About this task: Only the lines below from the one containing "doc.units = 0" to the one containing "layer by layer" should be repeated, both included and unchanged.
Provided data START
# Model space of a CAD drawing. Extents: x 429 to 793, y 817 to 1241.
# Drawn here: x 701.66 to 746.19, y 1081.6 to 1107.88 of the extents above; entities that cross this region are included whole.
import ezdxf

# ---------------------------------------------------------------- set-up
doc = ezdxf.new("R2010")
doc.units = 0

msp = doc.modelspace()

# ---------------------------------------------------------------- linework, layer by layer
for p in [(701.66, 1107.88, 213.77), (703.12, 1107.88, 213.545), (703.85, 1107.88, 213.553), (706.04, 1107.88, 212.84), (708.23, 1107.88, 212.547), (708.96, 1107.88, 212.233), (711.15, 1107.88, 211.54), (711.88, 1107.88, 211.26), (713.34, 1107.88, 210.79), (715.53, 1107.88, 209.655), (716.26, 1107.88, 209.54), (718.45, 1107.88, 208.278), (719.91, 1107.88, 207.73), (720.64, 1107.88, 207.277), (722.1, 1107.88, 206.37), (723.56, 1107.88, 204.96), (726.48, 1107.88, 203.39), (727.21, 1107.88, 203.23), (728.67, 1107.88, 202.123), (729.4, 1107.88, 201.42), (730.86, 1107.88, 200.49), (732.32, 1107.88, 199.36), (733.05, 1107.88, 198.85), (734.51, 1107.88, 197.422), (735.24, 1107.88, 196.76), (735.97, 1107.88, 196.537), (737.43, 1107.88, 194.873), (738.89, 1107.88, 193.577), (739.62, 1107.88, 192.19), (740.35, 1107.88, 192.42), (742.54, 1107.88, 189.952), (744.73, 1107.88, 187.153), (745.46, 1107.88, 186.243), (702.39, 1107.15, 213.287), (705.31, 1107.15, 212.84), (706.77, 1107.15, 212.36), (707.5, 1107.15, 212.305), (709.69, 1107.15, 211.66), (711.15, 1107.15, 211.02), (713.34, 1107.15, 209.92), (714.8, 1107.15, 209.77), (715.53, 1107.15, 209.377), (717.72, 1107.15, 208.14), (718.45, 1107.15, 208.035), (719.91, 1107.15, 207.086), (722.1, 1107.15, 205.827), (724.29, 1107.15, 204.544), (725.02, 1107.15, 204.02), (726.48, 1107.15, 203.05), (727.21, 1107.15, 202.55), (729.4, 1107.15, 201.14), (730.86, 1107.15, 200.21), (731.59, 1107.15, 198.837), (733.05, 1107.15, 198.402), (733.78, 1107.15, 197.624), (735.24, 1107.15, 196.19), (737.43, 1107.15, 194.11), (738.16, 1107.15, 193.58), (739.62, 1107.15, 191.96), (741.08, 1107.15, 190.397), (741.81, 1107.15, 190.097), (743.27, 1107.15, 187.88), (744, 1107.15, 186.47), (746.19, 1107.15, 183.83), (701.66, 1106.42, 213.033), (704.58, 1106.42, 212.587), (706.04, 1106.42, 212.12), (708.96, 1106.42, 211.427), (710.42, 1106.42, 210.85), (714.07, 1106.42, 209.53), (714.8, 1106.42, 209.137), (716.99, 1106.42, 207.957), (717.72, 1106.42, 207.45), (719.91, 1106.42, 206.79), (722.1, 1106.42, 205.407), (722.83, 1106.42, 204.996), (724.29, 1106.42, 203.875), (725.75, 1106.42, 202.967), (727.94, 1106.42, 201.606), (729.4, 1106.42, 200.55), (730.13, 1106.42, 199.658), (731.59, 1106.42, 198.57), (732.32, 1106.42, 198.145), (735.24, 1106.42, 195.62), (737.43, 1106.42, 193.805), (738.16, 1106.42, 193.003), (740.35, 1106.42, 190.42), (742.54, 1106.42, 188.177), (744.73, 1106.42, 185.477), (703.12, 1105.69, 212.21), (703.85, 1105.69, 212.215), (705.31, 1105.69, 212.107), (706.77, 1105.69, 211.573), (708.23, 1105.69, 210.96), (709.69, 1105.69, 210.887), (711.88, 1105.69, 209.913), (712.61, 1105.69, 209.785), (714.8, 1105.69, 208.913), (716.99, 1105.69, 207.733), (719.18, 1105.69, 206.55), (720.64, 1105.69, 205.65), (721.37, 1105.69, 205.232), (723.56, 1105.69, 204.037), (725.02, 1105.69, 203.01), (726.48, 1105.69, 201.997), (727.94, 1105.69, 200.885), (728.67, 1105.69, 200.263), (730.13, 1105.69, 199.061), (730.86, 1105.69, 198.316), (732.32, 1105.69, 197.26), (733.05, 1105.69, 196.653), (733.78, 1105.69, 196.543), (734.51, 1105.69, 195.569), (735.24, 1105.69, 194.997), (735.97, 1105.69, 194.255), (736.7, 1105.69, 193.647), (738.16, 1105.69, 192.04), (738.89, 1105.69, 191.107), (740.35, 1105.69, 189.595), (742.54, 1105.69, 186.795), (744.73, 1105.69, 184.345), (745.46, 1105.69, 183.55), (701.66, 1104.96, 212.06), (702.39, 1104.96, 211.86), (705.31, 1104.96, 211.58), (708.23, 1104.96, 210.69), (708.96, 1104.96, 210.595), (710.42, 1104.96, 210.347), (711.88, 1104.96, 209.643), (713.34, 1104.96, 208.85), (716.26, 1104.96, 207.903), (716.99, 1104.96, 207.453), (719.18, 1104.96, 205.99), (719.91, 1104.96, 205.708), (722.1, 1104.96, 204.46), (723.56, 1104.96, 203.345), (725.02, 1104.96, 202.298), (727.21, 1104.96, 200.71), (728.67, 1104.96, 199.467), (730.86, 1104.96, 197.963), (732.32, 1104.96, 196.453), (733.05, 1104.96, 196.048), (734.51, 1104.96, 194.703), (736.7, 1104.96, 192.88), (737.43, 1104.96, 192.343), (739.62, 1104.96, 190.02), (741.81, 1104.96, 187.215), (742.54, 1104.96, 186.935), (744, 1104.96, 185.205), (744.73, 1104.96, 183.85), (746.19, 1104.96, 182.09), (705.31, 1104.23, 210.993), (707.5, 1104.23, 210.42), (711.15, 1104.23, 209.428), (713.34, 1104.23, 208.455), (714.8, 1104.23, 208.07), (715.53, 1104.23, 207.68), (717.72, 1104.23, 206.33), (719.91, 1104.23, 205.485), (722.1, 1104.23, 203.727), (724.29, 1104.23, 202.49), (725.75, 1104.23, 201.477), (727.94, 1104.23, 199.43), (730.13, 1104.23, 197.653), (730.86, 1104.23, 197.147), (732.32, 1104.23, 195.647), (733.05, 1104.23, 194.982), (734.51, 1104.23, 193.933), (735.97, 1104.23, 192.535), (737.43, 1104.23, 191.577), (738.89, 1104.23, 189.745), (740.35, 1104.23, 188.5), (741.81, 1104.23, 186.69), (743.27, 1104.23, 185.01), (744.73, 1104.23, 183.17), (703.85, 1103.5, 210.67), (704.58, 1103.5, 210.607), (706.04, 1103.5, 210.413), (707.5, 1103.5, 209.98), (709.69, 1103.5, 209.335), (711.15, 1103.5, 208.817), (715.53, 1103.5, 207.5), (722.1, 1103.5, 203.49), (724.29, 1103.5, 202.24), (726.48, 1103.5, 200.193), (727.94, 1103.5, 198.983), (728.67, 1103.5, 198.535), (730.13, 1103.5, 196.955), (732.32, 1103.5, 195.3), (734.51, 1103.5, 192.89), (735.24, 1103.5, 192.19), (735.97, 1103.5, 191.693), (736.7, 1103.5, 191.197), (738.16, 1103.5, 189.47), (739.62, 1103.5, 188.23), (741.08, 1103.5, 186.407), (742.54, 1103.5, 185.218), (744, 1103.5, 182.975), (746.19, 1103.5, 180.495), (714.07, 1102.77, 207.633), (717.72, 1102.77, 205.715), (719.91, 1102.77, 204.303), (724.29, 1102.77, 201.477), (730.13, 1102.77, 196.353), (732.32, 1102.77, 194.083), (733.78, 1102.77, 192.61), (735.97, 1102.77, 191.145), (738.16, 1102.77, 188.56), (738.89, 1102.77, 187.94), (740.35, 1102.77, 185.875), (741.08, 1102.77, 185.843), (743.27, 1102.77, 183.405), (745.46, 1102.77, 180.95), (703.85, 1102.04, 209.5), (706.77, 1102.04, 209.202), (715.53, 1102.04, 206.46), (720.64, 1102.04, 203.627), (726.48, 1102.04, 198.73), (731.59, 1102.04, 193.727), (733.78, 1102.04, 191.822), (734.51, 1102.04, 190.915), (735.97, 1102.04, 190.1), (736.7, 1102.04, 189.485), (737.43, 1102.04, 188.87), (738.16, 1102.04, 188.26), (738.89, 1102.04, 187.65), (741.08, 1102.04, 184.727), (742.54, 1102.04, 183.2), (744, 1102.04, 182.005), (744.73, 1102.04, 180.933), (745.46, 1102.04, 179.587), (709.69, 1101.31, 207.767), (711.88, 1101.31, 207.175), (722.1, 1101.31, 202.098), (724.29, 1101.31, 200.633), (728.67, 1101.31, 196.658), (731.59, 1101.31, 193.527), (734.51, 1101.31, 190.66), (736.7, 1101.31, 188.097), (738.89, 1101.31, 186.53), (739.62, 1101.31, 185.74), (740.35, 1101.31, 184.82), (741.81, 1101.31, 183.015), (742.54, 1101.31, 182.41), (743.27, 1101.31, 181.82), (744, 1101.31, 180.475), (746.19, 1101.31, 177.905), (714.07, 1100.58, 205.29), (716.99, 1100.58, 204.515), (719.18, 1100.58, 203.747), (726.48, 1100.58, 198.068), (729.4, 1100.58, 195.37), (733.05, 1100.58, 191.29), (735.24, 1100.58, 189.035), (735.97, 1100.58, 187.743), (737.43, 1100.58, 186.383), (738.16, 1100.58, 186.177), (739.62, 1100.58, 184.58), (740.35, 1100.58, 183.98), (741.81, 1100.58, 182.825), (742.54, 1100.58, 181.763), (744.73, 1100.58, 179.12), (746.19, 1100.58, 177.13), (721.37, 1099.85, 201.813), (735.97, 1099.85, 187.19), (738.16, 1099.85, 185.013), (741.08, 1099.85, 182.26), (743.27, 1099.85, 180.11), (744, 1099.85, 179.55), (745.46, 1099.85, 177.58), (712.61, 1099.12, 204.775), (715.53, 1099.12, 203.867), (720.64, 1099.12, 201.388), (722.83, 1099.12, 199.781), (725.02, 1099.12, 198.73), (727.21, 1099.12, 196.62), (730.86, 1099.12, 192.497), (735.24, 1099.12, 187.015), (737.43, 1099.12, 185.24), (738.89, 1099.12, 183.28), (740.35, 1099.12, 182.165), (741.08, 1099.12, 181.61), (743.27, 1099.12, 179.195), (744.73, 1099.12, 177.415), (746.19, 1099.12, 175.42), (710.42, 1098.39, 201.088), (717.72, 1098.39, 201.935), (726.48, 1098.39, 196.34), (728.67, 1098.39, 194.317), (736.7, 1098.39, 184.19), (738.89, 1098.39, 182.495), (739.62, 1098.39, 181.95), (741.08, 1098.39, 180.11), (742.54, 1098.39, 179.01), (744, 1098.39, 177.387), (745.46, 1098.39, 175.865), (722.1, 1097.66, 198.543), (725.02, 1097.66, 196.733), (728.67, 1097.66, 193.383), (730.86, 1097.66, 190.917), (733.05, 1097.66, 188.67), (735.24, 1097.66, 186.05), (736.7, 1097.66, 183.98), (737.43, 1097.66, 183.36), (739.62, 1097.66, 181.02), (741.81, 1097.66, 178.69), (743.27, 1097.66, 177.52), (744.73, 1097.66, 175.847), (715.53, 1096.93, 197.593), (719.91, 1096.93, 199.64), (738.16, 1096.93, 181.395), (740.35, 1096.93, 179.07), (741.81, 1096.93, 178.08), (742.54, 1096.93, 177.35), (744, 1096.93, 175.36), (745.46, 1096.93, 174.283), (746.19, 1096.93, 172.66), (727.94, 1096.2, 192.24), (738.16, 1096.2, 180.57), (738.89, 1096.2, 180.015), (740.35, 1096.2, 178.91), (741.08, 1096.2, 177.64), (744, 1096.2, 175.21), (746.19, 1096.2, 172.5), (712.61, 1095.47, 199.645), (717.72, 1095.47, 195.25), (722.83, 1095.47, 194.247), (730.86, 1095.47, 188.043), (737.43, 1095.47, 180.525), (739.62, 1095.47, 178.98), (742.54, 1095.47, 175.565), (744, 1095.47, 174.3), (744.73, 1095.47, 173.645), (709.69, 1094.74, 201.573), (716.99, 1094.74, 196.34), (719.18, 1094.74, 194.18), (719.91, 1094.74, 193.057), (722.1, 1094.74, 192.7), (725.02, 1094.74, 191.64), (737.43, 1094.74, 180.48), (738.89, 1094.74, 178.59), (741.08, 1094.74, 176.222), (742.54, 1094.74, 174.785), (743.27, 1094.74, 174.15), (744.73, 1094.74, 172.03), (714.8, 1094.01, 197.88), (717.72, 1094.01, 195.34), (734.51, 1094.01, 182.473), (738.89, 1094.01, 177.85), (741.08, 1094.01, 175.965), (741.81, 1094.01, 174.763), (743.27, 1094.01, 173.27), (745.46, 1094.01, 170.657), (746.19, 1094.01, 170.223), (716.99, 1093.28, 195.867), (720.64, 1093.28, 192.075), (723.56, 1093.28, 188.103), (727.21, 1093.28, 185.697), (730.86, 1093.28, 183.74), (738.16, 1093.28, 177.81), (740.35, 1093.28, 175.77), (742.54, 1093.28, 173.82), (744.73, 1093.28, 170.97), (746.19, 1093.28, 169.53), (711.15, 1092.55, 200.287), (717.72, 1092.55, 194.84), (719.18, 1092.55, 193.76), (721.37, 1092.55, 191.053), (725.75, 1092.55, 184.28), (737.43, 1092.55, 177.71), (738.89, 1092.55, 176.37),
Provided data END
Answer box:
doc.units = 0

msp = doc.modelspace()

# ---------------------------------------------------------------- linework, layer by layer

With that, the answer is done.